И Надя сидела, одеревенев. И, как сухое дерево, вся горела изнутри и улыбалась при этом как можно непринужденнее, а Иришка болтала, что вот все они пьют расплавленный алюминий, потому что пили они столовский чай и заедали знаменитыми на весь МАИ «пирожками с котятами» — круглыми булочками с мясной начинкой.

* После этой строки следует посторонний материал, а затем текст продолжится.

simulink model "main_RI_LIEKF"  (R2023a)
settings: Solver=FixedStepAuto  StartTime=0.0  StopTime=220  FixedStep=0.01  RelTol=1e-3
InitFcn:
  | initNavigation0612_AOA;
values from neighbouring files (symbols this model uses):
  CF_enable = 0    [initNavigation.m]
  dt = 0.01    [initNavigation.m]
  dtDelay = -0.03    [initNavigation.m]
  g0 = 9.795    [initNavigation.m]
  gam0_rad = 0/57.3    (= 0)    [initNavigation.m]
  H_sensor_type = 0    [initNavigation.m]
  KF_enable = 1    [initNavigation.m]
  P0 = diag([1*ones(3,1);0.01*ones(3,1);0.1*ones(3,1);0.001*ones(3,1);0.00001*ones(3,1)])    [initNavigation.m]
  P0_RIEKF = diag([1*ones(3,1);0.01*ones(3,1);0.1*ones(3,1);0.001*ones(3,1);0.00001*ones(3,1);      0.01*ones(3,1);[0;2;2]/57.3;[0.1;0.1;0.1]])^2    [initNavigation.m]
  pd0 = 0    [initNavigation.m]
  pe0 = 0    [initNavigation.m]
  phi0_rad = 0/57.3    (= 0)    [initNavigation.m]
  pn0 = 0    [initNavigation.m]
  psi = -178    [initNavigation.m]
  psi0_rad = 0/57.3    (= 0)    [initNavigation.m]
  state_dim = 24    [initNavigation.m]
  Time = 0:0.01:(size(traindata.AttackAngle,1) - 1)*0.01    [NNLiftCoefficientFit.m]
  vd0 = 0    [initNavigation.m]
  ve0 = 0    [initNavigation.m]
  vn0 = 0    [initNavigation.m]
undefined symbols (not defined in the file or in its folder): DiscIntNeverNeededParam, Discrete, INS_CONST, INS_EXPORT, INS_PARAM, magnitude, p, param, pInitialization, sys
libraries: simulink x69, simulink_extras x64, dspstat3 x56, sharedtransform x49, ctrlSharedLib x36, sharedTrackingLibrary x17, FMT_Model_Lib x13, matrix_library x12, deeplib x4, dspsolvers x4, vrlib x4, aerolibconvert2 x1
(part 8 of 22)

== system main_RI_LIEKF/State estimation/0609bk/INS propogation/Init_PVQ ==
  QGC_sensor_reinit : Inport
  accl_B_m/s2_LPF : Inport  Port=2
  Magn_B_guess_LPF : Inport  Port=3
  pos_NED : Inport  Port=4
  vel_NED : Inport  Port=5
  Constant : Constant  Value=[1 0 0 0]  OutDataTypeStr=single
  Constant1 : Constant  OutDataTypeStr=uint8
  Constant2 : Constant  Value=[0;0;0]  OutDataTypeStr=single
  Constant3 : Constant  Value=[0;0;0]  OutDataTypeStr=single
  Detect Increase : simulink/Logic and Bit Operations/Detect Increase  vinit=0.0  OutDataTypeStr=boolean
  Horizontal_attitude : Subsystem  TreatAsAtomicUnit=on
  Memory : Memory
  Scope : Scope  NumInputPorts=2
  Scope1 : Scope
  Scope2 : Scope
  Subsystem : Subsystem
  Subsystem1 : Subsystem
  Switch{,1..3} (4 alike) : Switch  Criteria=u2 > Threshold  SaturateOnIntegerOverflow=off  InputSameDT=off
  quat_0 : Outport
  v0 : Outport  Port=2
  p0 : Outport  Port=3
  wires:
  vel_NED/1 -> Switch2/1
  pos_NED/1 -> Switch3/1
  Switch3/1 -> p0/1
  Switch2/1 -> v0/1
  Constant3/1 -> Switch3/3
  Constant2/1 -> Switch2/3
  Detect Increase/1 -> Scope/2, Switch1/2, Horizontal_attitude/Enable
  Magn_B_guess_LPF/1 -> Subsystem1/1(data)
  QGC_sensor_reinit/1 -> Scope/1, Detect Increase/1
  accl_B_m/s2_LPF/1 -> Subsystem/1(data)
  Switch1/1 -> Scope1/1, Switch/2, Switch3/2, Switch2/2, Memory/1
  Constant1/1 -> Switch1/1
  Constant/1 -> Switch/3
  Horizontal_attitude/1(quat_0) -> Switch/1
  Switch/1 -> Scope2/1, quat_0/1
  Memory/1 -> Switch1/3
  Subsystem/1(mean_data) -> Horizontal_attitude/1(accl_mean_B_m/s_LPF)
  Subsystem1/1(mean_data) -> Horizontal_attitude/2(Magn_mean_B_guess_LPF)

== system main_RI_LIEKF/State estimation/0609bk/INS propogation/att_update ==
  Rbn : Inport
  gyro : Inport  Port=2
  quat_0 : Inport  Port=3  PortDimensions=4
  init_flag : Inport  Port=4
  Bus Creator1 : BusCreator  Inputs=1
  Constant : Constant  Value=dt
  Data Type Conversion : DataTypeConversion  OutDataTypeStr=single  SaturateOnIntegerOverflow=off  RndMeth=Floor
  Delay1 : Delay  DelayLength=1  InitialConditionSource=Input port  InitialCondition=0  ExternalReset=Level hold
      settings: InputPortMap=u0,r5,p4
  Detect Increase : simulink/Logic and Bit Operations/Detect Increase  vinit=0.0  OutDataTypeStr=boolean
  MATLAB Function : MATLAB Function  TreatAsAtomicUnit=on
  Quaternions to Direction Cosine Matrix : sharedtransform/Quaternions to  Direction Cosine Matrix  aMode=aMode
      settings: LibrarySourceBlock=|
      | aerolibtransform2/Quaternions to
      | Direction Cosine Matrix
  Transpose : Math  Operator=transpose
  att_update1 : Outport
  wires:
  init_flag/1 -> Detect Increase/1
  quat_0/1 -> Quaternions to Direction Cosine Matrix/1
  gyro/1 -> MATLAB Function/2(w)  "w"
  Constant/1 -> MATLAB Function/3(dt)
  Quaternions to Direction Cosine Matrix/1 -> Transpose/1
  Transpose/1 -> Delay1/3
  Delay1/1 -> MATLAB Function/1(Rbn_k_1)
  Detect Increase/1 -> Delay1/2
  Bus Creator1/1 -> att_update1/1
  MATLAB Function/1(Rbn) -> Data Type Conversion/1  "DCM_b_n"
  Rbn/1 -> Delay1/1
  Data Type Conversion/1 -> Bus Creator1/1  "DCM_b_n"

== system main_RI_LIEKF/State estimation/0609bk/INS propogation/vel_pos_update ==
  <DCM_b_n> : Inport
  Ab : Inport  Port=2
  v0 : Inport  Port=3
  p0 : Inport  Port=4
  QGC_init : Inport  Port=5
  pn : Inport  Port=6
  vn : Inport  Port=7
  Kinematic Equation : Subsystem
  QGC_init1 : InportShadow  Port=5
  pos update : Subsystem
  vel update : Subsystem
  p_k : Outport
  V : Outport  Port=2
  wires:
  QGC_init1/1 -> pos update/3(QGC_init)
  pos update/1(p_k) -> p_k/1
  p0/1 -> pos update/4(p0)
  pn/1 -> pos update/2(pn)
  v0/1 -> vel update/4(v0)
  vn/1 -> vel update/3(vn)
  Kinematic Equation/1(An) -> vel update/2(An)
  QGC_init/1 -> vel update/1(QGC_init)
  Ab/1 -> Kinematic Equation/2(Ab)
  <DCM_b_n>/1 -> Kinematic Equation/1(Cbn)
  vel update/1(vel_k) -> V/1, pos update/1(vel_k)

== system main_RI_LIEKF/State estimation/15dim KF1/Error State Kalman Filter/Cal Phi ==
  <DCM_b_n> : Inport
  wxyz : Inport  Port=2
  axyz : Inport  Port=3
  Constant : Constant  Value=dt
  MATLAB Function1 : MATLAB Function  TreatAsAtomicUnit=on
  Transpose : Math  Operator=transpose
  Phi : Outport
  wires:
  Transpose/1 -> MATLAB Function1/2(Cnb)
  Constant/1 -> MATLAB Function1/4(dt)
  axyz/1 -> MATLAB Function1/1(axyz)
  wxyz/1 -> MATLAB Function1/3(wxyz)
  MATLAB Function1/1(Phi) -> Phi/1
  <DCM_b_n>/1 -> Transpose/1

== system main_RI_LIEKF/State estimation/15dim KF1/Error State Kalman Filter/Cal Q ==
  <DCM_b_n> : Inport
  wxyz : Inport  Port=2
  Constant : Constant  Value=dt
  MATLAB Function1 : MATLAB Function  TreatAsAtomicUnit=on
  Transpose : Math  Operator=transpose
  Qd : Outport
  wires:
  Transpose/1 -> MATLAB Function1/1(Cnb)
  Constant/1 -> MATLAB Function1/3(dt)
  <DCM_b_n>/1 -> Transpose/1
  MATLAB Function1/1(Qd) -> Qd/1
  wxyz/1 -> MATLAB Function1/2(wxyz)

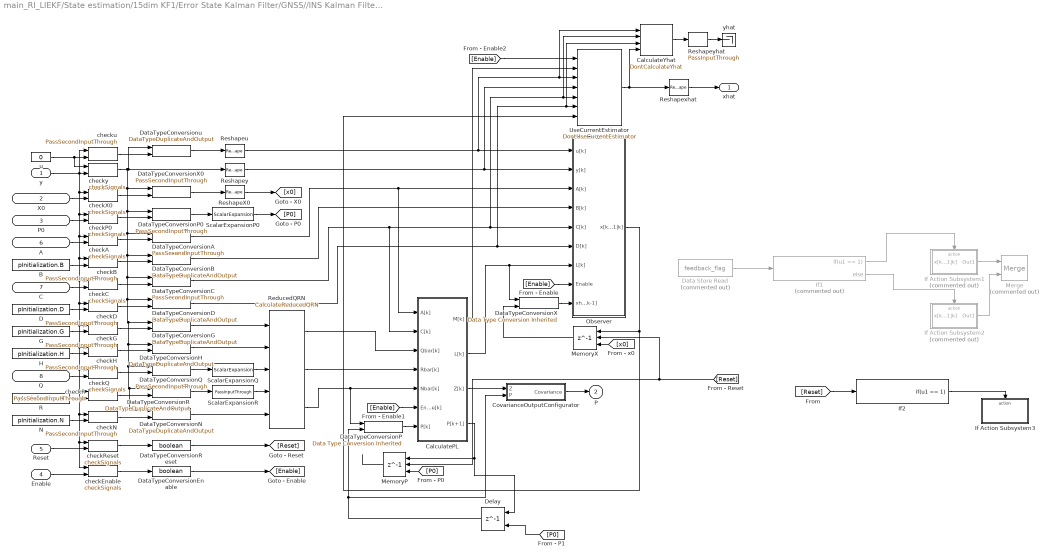
== system main_RI_LIEKF/State estimation/15dim KF1/Error State Kalman Filter/GNSS//INS Kalman Filter1 ==
  y : Inport
  X0 : Inport  Port=2
  P0 : Inport  Port=3
  Enable : Inport  Port=4
  Reset : Inport  Port=5
  A : Inport  Port=6
  C : Inport  Port=7
  Q : Inport  Port=8
  B : Constant  Value=pInitialization.B  VectorParams1D=off  OutDataTypeStr=Inherit: Inherit via back propagation
  CalculatePL : Subsystem  AncestorBlock=ctrlSharedLib/KalmanFilterUtilities/DTCalculatePL  TreatAsAtomicUnit=on  SystemSampleTime=pInitialization.Ts  mask(ctrlKalmanFilterDTCalculatePL){}
      settings: LibrarySourceBlock=ctrlSharedLib/KalmanFilterUtilities/DTCalculatePL
  CalculateYhat : ctrlSharedLib/KalmanFilterUtilities/DontCalculateYhat  SystemSampleTime=-1  VariantActivationTime=update diagram  Latency=0  AutoFrameSizeCalculation=off
  CovarianceOutputConfigurator : Subsystem
  D : Constant  Value=pInitialization.D  VectorParams1D=off  OutDataTypeStr=Inherit: Inherit via back propagation
  Data Store Read : DataStoreRead  Commented=on  DataStoreName=feedback_flag  IndexOptions=Index vector (dialog)  Indices=1  OutputSizes=1
  DataTypeConversionA : ctrlSharedLib/KalmanFilterUtilities/PassSecondInputThrough  SystemSampleTime=-1  VariantActivationTime=update diagram  Latency=0  AutoFrameSizeCalculation=off
  DataTypeConversionB : ctrlSharedLib/Utilities/DataTypeDuplicateAndOutput  SystemSampleTime=-1  VariantActivationTime=update diagram  Latency=0  AutoFrameSizeCalculation=off
  DataTypeConversionC : ctrlSharedLib/KalmanFilterUtilities/PassSecondInputThrough  SystemSampleTime=-1  VariantActivationTime=update diagram  Latency=0  AutoFrameSizeCalculation=off
  DataTypeConversionD : ctrlSharedLib/Utilities/DataTypeDuplicateAndOutput  SystemSampleTime=-1  VariantActivationTime=update diagram  Latency=0  AutoFrameSizeCalculation=off
  DataTypeConversionEnable : DataTypeConversion  OutDataTypeStr=boolean  SaturateOnIntegerOverflow=off  RndMeth=Floor
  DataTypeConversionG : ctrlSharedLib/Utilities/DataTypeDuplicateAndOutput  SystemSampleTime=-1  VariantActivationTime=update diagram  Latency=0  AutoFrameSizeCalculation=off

После этого все было вроде по-прежнему.
Надя все так же, заходя в Ледокол, направлялась сразу на второй этаж, в столовую, поесть, а не на четвертый, где пили кофе и тусовались в свободное время студенты. Все так же много занималась.
Но теперь, встретившись в троллейбусе, они с Лешей здоровались, о чем-то болтали. Об учебе, преподавателях. Она что-нибудь спрашивала, он долго, охотно, увлеченно объяснял.
Однажды в марте, выйдя из троллейбуса и переходя через дорогу рядом с Лешей, Надя поймала себя на том, что неотрывно смотрит на Лешу. Вдруг он заметит? Вдруг поймет, насколько пристально она глядит? Но Леша смотрел, как всегда, прямо, куда-то чуть выше горизонта, и Надя стала изучать асфальт, покрытый мокрым снежным месивом…
Завизжали тормоза…
Леша, схватив ее за руку, дернул назад…
Водитель выскочил из машины и громко материл Надю, размахивая руками, приседая, хлопая себя по коленям.
Сзади загудели машины. Водитель продолжал ругаться.
— Пошел на… — негромко сказал Леша.
— Чего-о-о? — изумился водитель.
Но Леша больше ничего не сказал. Только молча смотрел на водителя. В упор.